# Problem beim GIF erstellen



## Carcharoth (11. Dezember 2010)

o hai

ich hab mir mit dem Modelviewer n GIF erstellt und hab einige Probleme die bearbeitete Version zu speichern.
Wenn ich den Hintergrund transparent mache, zieht das Bild komische Schlieren. Hat da jemand ne Idee wie man das beheben kann?

Hier das Original
http://rapidshare.com/files/436269456/schildi_final.psd

Ne Bekannte hats hingekriegt dass es nicht mehr Schlieren zieht, aber dafür ruckelt das GIF extrem.
http://img593.imageshack.us/img593/6707/schildifinal.gif


----------



## Dracun (11. Dezember 2010)

hmm wenn i mir die Vorschau angucke läuft es flüssig und wenn i es speichern will nimmer .. kurios  i bleib aber dran 

Edith: I sollte mir so was net mit dem IE anschauen  im FF läuft es flüssig 

DL Link: http://rapidshare.com/files/436285014/schildi_final2.gif I hoffe das ist so okay 4 u


----------



## Zukane (11. Dezember 2010)

Argh wie kann man ein Bild nru bei einem DATEIhoster hochladen udn net einfach bei einem BILDhoster ?:S

Ich hab mit PS kein Problem.

Nimm das ganze einfach mal mit Fraps 1.9d auf (die letzte kostenlose Version davon mit top Qualität)
udn wandel das ganze in Photoshop um. Also in PS auf Datei- Importieren -> Videoframes zu Ebenen.


----------



## Carcharoth (11. Dezember 2010)

Dracun schrieb:


> hmm wenn i mir die Vorschau angucke läuft es flüssig und wenn i es speichern will nimmer .. kurios  i bleib aber dran
> 
> Edith: I sollte mir so was net mit dem IE anschauen  im FF läuft es flüssig
> 
> DL Link: http://rapidshare.com/files/436285014/schildi_final2.gif I hoffe das ist so okay 4 u



Wie hast du das hingekriegt? *g*

Weil ich hab da noch n zweites.. *hust* http://rapidshare.com/files/436340309/carcha2_transparent.psd 


Edit: 
Zukane, bei DER Bildgrösse kann man n PSD eigentlich nur bei nem Filesharer hosten *g*


Edit2:
Dracun, das Ding ist nicht transparent. Es hat nen weissen Hintergrund gekriegt.


----------



## Dracun (12. Dezember 2010)

okay mach ich nochmal mein großer Meister ..denke diesmal an die Transparenz 

Edith:
Also wenn i das transparent mache zieht der die schlieren, beim weißen BG net. kurios .. aber i geb net auf 

Edith 2:
Doppeltkurios .. Carcha geht transparent ohne schlieren  .. hmm irgendwo sind da verschiedenen Einstellungen mal vergleichen ich muss 
DL Carcha: 
http://rapidshare.co...transparent.gif

Edith 3:

Heureka ... Schildi transparent ohne Schlieren und ohne Ruckeln 
DL Schildi:
http://rapidshare.com/files/436436629/schildi_final-_transparent.gif


----------



## Carcharoth (12. Dezember 2010)

Ist wieder weiss geworden bei beiden... siehe unten. 
Ich muss das wohl irgendwie anders lösen und da nen Hintergrund reinknallen...  

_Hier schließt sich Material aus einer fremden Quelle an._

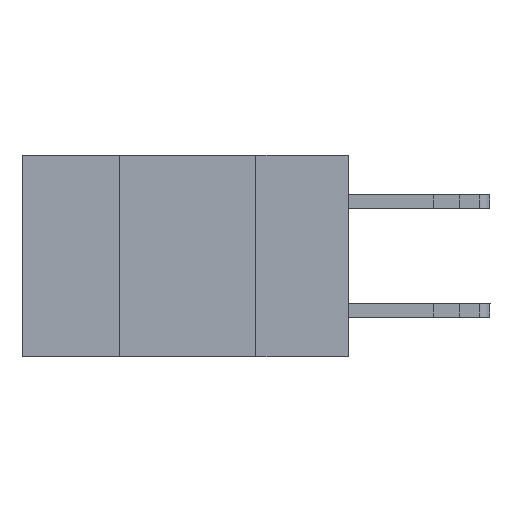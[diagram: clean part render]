
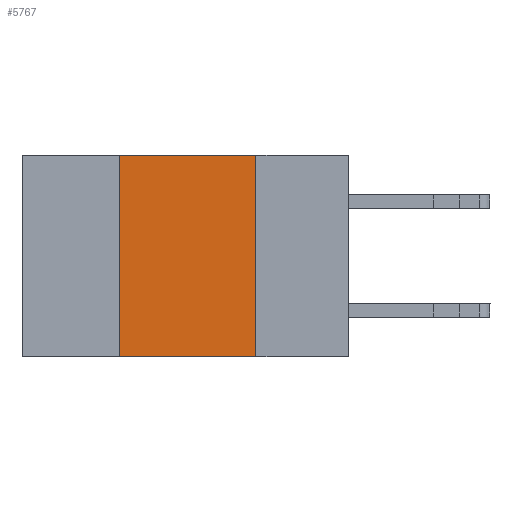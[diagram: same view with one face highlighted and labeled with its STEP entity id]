
A CAD part, left-side view. The second image highlights one B-rep face of the part: STEP entity #5767.
In plain terms, the highlighted planar face has unit normal (-1, 0, 0).
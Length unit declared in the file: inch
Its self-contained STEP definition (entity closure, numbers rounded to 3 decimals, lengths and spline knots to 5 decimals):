
#35 = LINE ( 'NONE', #2240, #5964 ) ;
#582 = CARTESIAN_POINT ( 'NONE',  ( 0., 0.42, 0. ) ) ;
#1583 = EDGE_LOOP ( 'NONE', ( #11418, #12024, #13434, #13284 ) ) ;
#1779 = EDGE_CURVE ( 'NONE', #12399, #14676, #10607, .T. ) ;
#2240 = CARTESIAN_POINT ( 'NONE',  ( 0., 0.6, 0. ) ) ;
#2702 = EDGE_CURVE ( 'NONE', #10639, #14676, #11270, .T. ) ;
#2750 = CARTESIAN_POINT ( 'NONE',  ( 0., 0.6, -0.37 ) ) ;
#3478 = CARTESIAN_POINT ( 'NONE',  ( 0., 0.17, 0. ) ) ;
#3777 = VECTOR ( 'NONE', #4970, 39.37008 ) ;
#3962 = VERTEX_POINT ( 'NONE', #582 ) ;
#4782 = AXIS2_PLACEMENT_3D ( 'NONE', #10709, #10625, #10622 ) ;
#4970 = DIRECTION ( 'NONE',  ( 0., 0., -1. ) ) ;
#5767 = ADVANCED_FACE ( 'NONE', ( #16273 ), #10728, .F. ) ;
#5964 = VECTOR ( 'NONE', #15126, 39.37008 ) ;
#6894 = CARTESIAN_POINT ( 'NONE',  ( 0., 0.42, -0.37 ) ) ;
#7213 = CARTESIAN_POINT ( 'NONE',  ( 0., 0.17, -0.37 ) ) ;
#7907 = EDGE_CURVE ( 'NONE', #10639, #3962, #10881, .T. ) ;
#8734 = DIRECTION ( 'NONE',  ( 0., -1., 0. ) ) ;
#10607 = LINE ( 'NONE', #7213, #3777 ) ;
#10622 = DIRECTION ( 'NONE',  ( 0., 0., -1. ) ) ;
#10625 = DIRECTION ( 'NONE',  ( 1., 0., 0. ) ) ;
#10639 = VERTEX_POINT ( 'NONE', #6894 ) ;
#10709 = CARTESIAN_POINT ( 'NONE',  ( 0., 0.6, 0. ) ) ;
#10728 = PLANE ( 'NONE',  #4782 ) ;
#10881 = LINE ( 'NONE', #15286, #13915 ) ;
#11270 = LINE ( 'NONE', #2750, #14261 ) ;
#11418 = ORIENTED_EDGE ( 'NONE', *, *, #1779, .F. ) ;
#12024 = ORIENTED_EDGE ( 'NONE', *, *, #15131, .F. ) ;
#12399 = VERTEX_POINT ( 'NONE', #3478 ) ;
#13284 = ORIENTED_EDGE ( 'NONE', *, *, #2702, .T. ) ;
#13434 = ORIENTED_EDGE ( 'NONE', *, *, #7907, .F. ) ;
#13915 = VECTOR ( 'NONE', #14624, 39.37008 ) ;
#14261 = VECTOR ( 'NONE', #8734, 39.37008 ) ;
#14624 = DIRECTION ( 'NONE',  ( 0., 0., 1. ) ) ;
#14676 = VERTEX_POINT ( 'NONE', #16735 ) ;
#15126 = DIRECTION ( 'NONE',  ( 0., -1., 0. ) ) ;
#15131 = EDGE_CURVE ( 'NONE', #3962, #12399, #35, .T. ) ;
#15286 = CARTESIAN_POINT ( 'NONE',  ( 0., 0.42, -0.37 ) ) ;
#16273 = FACE_OUTER_BOUND ( 'NONE', #1583, .T. ) ;
#16735 = CARTESIAN_POINT ( 'NONE',  ( 0., 0.17, -0.37 ) ) ;

			Dieser Inhalt steht nur eingeloggten Mitgliedern zur Verfügung.


----------



## Dracun (12. Dezember 2010)

Grummel 

Aber Cracha ist transparent?


----------



## Carcharoth (12. Dezember 2010)

Nein *g*

Welches Programm nutzt du?


----------



## Dracun (12. Dezember 2010)

Photoshop CS 5 
Hmm schade ..... sry i dachte i könnte dir helfen  Es tut mir leid.


----------



## Zukane (12. Dezember 2010)

Hm geht Transperent mit GIF überhaupt?

Also bei PNG geht es auf jedenfall aber bei GIF bin ich mir nicht sicher.


Und für was soll das Bild denn transparent sein? Man kann es auch so machen wie der Hintergrund
von eienm Forum oder Ähnliches (hier denke ich wegen der Dateigrößenbeschränkung nicht möglich als Avatar).


----------



## Dracun (12. Dezember 2010)

Transparent geht nur zieht der dann schlieren ...  Das ist dat einzigste Problem


----------



## AjaxXx (12. Dezember 2010)

http://img822.imageshack.us/f/schildifinal.gif/


----------



## Carcharoth (12. Dezember 2010)

Sehr gut, nur zu schnell *g*
Mal sehn ob ich das Tempo noch runterkrieg...


----------



## AjaxXx (12. Dezember 2010)

Das bewegt sich doch normal schnell o0 Hab das sogar extra "normal" schnell gemacht.


----------



## Zukane (13. Dezember 2010)

Jo ist super hier einfahc mal ne Mintue laden lassen dann geht alles:

http://img822.imageshack.us/img822/6707/schildifinal.gif


----------



## Carcharoth (13. Dezember 2010)

Im Original ist sie ca. n Drittel langsamer... 
Das is ne Schildkröte, kein Feldhamster *g*


----------



## AjaxXx (14. Dezember 2010)

Das Problem ist einfach, dass das Ruckeln daraus resultiert, das du zu wenig FPS hast.
Also entweder schnell oder ruckeln - suchs dir aus.


----------



## Yadiz (14. Dezember 2010)

AjaxXx schrieb:


> Das Problem ist einfach, dass das Ruckeln daraus resultiert, das du zu wenig FPS hast.
> Also entweder schnell oder ruckeln - suchs dir aus.



Das ist der Punkt.

Wenn du den WoW Modelviewer beispielsweise mit Fraps aufnimmst kannst du die FPS wählen. Nimm da am besten 60. So wird das "Video" auch mit halber Geschwindigkeit für das Auge noch halbwegs ruckelfrei (~30 fps) dargestellt. 
Es gibts Programme, die dein Fraps Video in Einzelbilder umwandeln, so dass du sie mit Gimp oder anderen Programmen zu einem gif zusammenfügen kannst.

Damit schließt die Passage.